Peter Drucker said “Strategy is a commodity, execution is an art”. In this day and age where strategy (ideas such as restructuring an organization’s business lines, putting an emphasis on innovation, or relocating to lower cost countries) seem to be a commodity available for purchase from any number of experts, the CEO of today who executes these strategies hardly seems to qualify for such generous compensation.
I would take it a step further. To borrow a saying from the military, “Amateurs worry about strategy. Dilettantes worry about tactics. Professionals worry about logistics.”
In the military, strategy happens at the level of Generals. Other officers then execute these orders through by giving orders to carry out tactics. The logistics required to build or blow up bridges, take or save lives happens at the level of what is known as the rank and file. We’re back to relying on those 400 people who are less productive than the CEO / General with the winning strategy and artful execution.

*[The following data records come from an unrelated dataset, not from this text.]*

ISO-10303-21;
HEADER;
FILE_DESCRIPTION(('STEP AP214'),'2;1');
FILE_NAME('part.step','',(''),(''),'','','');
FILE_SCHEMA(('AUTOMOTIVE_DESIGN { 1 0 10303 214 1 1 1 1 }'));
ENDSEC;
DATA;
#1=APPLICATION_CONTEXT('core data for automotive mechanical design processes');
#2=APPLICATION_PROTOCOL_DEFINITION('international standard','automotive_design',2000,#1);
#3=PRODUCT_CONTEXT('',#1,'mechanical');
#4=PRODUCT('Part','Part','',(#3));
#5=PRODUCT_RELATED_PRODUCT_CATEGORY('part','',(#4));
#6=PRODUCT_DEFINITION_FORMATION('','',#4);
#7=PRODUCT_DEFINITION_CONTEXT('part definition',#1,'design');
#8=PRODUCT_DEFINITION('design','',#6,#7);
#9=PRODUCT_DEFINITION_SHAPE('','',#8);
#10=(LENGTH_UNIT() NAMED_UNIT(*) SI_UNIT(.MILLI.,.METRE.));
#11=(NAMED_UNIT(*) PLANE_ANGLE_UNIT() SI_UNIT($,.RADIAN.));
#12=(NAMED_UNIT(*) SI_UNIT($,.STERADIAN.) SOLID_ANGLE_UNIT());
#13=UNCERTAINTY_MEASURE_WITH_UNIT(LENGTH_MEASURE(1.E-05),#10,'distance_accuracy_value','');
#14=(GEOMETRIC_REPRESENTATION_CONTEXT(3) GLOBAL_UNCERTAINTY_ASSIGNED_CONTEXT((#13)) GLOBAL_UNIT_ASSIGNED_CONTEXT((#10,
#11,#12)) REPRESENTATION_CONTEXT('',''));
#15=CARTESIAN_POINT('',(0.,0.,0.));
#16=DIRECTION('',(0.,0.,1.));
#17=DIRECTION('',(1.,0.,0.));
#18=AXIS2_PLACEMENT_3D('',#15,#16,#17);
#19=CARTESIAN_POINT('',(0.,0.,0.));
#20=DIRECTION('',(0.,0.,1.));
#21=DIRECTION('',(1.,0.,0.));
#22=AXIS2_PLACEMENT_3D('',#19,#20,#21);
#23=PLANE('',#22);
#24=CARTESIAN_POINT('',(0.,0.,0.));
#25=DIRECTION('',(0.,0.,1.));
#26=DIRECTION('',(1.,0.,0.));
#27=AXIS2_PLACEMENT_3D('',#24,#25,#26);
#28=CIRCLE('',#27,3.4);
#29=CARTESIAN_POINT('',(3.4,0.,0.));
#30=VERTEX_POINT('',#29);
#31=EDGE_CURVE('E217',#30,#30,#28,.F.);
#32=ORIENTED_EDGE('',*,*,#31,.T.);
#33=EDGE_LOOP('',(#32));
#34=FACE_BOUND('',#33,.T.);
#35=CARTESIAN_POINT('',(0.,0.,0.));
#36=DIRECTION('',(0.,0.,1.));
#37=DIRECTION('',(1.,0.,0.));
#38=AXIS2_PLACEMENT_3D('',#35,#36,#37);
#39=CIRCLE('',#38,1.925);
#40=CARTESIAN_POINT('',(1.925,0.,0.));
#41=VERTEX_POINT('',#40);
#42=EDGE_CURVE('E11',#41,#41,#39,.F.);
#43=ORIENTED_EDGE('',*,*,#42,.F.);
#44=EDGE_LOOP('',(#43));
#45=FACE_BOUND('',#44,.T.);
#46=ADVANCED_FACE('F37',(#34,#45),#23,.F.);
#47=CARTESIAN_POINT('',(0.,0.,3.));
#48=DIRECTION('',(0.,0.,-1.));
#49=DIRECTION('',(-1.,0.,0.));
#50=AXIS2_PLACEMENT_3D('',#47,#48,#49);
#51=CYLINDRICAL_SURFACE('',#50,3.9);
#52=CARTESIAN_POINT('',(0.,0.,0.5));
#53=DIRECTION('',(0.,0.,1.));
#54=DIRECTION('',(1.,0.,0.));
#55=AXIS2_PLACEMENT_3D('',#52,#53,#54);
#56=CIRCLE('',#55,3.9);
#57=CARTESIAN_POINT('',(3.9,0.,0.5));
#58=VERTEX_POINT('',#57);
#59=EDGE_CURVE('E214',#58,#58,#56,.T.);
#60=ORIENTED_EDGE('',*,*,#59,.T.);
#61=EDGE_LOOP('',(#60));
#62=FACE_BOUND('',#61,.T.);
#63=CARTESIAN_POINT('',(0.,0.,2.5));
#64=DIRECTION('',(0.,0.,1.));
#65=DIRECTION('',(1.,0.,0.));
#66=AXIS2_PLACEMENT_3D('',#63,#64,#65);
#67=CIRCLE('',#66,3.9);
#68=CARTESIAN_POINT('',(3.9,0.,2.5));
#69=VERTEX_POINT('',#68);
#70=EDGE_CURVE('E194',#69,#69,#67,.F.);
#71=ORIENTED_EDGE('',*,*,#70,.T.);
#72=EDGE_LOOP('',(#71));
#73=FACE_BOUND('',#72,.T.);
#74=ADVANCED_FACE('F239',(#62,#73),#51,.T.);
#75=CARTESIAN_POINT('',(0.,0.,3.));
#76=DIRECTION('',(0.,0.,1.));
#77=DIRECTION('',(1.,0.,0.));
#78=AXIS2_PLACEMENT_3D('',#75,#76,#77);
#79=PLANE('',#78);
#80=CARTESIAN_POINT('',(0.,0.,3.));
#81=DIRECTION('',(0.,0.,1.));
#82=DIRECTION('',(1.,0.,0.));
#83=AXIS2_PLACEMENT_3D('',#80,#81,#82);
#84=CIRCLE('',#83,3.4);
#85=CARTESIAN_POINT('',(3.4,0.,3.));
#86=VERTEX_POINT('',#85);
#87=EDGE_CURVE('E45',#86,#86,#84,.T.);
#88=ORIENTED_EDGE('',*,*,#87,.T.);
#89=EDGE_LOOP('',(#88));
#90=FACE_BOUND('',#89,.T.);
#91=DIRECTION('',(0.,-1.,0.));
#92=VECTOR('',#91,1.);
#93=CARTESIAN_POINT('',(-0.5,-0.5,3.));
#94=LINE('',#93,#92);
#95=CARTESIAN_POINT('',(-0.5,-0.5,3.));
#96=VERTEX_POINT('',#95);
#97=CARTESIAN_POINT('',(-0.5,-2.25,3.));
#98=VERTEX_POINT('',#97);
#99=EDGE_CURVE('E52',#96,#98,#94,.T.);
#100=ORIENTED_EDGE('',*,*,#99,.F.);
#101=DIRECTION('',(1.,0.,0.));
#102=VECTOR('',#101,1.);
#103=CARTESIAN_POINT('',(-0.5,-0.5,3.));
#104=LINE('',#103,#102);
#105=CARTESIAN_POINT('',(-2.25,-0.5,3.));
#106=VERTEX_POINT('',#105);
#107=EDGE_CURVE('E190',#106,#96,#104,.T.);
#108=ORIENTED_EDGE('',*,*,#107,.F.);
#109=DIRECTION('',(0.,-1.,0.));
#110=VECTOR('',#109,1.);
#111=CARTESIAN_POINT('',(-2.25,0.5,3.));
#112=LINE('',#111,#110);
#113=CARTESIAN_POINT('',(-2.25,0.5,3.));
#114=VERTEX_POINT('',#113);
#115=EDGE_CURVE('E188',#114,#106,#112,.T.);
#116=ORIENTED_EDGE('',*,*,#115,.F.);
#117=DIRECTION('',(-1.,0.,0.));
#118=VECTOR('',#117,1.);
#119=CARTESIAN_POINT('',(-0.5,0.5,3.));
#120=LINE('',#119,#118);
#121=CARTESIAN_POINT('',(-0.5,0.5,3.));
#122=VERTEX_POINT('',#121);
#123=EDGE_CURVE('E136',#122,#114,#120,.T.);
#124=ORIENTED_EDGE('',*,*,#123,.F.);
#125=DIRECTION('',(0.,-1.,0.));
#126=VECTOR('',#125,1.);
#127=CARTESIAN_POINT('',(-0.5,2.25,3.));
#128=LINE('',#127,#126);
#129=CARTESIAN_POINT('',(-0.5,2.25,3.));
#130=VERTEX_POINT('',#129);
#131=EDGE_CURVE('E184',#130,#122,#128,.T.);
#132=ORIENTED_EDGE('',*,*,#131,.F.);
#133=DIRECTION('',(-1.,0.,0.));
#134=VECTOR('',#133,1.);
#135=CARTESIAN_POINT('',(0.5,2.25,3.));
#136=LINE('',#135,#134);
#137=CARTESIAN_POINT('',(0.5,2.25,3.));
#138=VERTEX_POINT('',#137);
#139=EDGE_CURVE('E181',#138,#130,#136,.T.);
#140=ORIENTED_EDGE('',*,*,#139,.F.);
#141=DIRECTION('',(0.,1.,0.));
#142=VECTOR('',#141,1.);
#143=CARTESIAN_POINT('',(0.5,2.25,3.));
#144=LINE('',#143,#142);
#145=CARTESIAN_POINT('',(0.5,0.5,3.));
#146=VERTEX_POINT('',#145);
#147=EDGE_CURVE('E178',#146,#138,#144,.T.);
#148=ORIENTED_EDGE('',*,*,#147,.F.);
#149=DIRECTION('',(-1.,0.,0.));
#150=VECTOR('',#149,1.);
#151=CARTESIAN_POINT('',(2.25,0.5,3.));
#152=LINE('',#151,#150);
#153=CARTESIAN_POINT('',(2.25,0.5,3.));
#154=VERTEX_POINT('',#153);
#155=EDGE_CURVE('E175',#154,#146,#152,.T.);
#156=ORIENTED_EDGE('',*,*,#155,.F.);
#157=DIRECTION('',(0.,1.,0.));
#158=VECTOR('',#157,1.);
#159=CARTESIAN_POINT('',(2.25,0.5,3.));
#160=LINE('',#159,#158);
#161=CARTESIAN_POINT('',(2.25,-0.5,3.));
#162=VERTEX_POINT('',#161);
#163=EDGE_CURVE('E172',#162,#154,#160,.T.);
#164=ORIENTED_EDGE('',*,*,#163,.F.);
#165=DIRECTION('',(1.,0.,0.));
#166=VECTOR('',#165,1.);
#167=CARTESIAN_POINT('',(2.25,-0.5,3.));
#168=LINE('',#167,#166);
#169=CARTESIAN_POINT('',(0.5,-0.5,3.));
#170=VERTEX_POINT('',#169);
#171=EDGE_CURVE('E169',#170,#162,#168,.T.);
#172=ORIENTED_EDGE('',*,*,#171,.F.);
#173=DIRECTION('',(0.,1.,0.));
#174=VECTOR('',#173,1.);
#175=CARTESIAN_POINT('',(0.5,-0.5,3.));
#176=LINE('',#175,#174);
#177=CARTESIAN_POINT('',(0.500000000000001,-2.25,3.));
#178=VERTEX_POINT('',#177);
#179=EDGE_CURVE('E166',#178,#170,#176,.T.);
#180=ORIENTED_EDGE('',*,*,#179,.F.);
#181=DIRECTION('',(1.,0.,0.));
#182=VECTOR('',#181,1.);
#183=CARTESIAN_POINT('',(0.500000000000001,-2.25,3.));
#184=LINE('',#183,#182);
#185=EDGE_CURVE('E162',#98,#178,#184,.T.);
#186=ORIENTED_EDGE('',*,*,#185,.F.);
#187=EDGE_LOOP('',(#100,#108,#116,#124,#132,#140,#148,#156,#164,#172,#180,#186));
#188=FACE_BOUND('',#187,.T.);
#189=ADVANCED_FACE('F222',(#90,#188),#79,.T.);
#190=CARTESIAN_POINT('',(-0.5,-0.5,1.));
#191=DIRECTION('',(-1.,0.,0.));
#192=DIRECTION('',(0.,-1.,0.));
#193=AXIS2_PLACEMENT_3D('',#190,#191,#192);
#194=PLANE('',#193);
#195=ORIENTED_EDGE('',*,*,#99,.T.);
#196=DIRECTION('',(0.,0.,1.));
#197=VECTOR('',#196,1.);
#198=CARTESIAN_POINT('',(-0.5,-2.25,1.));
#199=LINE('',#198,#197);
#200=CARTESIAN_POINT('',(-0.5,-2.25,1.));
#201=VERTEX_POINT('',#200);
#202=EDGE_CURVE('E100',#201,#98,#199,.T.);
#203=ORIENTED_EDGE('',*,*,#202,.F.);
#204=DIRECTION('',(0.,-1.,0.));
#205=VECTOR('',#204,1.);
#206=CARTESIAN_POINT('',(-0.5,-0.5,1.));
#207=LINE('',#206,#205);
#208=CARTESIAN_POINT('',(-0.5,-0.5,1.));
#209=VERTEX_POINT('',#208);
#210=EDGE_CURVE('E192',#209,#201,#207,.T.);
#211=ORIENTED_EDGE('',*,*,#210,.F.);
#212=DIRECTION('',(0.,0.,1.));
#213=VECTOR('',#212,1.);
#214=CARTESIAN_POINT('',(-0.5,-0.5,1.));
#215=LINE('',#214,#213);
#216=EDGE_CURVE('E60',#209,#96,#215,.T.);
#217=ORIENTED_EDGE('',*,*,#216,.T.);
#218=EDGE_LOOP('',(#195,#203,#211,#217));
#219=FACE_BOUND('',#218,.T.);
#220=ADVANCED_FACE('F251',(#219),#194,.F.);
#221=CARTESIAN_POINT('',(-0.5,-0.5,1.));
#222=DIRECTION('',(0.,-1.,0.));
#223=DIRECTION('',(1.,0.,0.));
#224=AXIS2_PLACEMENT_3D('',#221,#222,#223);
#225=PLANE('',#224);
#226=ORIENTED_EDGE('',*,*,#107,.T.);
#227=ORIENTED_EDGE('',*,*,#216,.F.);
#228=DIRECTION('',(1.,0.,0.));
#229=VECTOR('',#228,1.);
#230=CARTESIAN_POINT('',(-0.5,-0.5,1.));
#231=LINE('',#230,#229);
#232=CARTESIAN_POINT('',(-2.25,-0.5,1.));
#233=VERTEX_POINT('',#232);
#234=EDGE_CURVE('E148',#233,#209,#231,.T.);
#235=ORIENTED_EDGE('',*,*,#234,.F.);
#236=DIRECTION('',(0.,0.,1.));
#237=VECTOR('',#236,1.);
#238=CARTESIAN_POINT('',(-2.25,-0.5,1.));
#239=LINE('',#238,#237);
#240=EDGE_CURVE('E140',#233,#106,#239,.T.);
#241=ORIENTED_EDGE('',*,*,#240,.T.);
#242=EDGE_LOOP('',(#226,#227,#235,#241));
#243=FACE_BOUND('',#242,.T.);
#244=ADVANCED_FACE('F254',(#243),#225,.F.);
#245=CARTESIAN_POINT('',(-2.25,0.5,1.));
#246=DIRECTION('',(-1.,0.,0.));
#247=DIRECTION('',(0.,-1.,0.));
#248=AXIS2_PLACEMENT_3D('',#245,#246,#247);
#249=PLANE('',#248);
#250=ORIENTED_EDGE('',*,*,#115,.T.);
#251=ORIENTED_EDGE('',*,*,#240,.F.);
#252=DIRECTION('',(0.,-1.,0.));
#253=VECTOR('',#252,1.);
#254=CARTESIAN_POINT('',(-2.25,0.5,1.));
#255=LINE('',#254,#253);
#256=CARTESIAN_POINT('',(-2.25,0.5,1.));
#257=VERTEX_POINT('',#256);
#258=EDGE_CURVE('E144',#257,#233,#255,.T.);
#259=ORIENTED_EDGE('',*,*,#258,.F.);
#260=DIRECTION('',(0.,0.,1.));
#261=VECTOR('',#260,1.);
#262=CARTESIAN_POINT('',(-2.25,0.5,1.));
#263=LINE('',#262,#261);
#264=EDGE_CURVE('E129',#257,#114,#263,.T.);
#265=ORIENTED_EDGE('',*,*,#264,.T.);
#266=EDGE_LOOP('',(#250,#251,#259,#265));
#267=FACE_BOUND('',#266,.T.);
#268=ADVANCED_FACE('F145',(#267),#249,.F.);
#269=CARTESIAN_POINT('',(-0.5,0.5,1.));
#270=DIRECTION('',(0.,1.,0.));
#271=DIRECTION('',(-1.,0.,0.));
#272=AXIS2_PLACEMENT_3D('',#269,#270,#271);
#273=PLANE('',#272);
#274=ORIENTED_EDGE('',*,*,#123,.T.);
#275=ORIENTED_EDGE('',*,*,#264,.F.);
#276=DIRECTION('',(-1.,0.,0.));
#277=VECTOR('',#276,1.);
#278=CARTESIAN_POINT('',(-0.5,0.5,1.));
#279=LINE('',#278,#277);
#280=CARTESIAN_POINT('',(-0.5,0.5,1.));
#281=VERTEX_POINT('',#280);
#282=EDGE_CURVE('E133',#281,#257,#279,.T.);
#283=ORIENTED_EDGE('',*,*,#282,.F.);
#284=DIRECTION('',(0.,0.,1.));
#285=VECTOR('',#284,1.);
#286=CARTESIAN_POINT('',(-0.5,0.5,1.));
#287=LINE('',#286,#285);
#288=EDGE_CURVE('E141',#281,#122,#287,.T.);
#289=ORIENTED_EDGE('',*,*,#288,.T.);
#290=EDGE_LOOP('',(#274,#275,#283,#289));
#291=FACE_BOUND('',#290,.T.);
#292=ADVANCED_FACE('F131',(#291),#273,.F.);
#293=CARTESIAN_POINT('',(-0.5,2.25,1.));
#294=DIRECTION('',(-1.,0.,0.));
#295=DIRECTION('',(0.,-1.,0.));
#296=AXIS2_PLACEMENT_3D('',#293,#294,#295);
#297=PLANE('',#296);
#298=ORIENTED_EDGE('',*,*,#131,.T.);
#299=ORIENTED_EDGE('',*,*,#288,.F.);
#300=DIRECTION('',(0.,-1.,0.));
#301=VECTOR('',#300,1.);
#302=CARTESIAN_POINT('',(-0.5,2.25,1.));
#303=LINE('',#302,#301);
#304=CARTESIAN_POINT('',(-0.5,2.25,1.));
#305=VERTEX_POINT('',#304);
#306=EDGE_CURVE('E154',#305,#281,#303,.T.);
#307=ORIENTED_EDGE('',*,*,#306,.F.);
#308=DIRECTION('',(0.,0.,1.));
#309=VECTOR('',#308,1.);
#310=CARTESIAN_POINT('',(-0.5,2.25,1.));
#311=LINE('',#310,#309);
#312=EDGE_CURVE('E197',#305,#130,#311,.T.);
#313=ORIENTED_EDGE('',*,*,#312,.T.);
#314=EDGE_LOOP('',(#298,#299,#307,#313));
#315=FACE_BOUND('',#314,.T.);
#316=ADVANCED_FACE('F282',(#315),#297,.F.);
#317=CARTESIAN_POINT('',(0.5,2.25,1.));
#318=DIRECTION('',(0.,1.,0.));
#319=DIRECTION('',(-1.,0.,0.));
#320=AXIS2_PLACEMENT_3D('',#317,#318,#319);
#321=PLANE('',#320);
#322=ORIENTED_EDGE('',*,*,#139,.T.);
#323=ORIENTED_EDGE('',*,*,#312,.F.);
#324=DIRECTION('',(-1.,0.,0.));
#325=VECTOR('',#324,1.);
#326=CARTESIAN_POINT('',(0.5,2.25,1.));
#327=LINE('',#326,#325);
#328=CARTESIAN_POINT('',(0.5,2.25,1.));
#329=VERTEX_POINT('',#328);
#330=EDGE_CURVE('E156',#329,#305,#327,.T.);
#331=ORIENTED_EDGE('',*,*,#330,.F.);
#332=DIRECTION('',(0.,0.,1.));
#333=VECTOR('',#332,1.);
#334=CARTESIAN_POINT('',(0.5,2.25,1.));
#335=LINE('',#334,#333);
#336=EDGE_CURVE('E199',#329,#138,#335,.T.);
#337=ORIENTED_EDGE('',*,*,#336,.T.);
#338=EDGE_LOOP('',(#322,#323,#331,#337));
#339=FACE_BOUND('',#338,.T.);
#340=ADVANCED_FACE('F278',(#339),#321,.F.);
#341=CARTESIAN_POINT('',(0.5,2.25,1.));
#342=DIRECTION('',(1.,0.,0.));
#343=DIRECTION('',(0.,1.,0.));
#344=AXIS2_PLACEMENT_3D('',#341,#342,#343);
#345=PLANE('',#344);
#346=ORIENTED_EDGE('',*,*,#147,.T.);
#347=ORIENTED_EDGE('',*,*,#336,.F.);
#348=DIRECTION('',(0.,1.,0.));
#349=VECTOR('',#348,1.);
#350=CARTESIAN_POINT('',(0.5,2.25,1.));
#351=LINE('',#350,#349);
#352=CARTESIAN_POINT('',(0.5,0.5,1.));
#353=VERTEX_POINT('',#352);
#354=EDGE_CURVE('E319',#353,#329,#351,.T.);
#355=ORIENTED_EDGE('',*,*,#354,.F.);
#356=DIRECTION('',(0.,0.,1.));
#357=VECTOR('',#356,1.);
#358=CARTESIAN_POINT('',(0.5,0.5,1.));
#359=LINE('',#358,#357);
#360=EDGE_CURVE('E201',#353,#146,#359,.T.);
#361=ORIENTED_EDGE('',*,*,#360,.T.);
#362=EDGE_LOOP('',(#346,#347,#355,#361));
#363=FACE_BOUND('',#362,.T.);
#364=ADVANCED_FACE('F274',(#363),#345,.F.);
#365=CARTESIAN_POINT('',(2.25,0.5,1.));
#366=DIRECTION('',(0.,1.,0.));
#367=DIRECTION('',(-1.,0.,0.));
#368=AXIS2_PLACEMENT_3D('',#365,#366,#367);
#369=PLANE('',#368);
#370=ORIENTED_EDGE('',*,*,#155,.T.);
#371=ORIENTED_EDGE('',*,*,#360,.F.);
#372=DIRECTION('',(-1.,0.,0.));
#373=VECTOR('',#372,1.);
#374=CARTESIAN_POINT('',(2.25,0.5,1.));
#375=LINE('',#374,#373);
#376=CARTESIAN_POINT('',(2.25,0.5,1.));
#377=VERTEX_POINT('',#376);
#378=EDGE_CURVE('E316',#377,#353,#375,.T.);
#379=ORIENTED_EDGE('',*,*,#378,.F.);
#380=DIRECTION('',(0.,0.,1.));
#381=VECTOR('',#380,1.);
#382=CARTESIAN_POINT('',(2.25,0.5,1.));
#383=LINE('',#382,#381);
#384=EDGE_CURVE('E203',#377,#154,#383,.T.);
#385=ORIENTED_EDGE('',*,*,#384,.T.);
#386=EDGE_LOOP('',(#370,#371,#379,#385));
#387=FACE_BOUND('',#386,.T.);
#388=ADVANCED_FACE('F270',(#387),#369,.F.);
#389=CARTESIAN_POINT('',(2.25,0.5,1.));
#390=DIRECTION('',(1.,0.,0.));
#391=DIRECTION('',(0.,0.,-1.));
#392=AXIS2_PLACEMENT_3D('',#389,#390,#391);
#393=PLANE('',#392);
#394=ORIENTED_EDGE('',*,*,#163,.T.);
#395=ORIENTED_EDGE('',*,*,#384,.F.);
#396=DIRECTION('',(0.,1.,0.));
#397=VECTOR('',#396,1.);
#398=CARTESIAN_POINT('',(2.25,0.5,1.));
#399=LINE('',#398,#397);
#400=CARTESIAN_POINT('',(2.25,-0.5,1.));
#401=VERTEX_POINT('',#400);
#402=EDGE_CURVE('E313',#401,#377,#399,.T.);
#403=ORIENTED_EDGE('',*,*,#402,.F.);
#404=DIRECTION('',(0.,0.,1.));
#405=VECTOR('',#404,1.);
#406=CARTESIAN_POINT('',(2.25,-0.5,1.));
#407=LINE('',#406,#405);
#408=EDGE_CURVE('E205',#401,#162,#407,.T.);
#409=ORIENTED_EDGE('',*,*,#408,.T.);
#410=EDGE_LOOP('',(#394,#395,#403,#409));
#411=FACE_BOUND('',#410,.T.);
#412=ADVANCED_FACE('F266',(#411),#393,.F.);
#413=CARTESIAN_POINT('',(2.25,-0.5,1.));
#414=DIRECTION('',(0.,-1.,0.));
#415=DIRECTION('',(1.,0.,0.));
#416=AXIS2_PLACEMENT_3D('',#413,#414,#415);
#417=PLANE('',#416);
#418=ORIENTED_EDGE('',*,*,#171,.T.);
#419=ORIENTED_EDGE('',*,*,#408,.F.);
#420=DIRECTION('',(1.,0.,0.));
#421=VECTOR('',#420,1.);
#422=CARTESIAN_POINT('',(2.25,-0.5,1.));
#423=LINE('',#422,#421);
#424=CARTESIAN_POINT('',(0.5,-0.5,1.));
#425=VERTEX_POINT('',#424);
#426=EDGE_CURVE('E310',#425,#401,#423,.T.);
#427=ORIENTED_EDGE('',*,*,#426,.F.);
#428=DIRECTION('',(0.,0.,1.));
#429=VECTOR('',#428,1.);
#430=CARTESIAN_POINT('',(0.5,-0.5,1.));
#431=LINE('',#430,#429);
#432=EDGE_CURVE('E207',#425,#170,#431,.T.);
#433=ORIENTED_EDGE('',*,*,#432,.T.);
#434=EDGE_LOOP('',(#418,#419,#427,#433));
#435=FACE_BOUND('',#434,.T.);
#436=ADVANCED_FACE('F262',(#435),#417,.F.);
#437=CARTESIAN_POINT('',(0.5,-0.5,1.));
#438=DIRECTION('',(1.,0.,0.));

Brad Schmidt of Gemba tells the 2,000 year old Chinese story of the warlord who was undefeatable on the field of battle. This warlord believed in the “four sames” philosophy. Unlike other armies in those warring times, his army all had the same food, same clothes, same lodgings, and the same enemy. In China 2,000 years ago these soldiers, like Treasury Secretary’s workers who are 1/400th as productive as the CEO of today, were expendable. The Chinese warlord most probably received much greater rewards for victory in battle than the average foot soldier. Yet he understood that creating distance between himself and his troops by flaunting this gap in compensation was not the way to win.
Bringing it back to Lean manufacturing, it’s true that consultants are sometimes criticized for receiving excessive compensation. When consultants work at a company only to do “kaizen events” to make improvements in quality, cost, delivery or safety, I would agree with this. These things are a commodity, like the strategies and decisions of most excessively paid CEOs. Consultants see an opportunity to apply a known solution to a problem their client company is facing. Like the best executives they study the current situation, identify the gap with the target condition and apply their knowledge and skills to close the gap. While this benefits both sides, too often the consultant or executive does not leave a culture of kaizen at their client company. The result is short-term cost reduction but sustainability in the long-term is lacking. The same is true for excessively paid executives.
Based on anecdotal evidence, kaizen consultants are paid anywhere from 2 to 10 times what the average worker at their client is paid. As long as kaizen consultants are credible in delivering the results they promise (and they are promising sustained improvement), they are practicing what they preach and doing their work in a way that is respectful to people, I believe this is fair. But ultimately the market decides and sets the price based on supply and demand. Hopefully the same will be true for executive compensation very soon, for the sake of making better companies and better societies through kaizen.
Now that I’ve gotten this one out of my system, dear reader, please enjoy many months of rant-free blogging.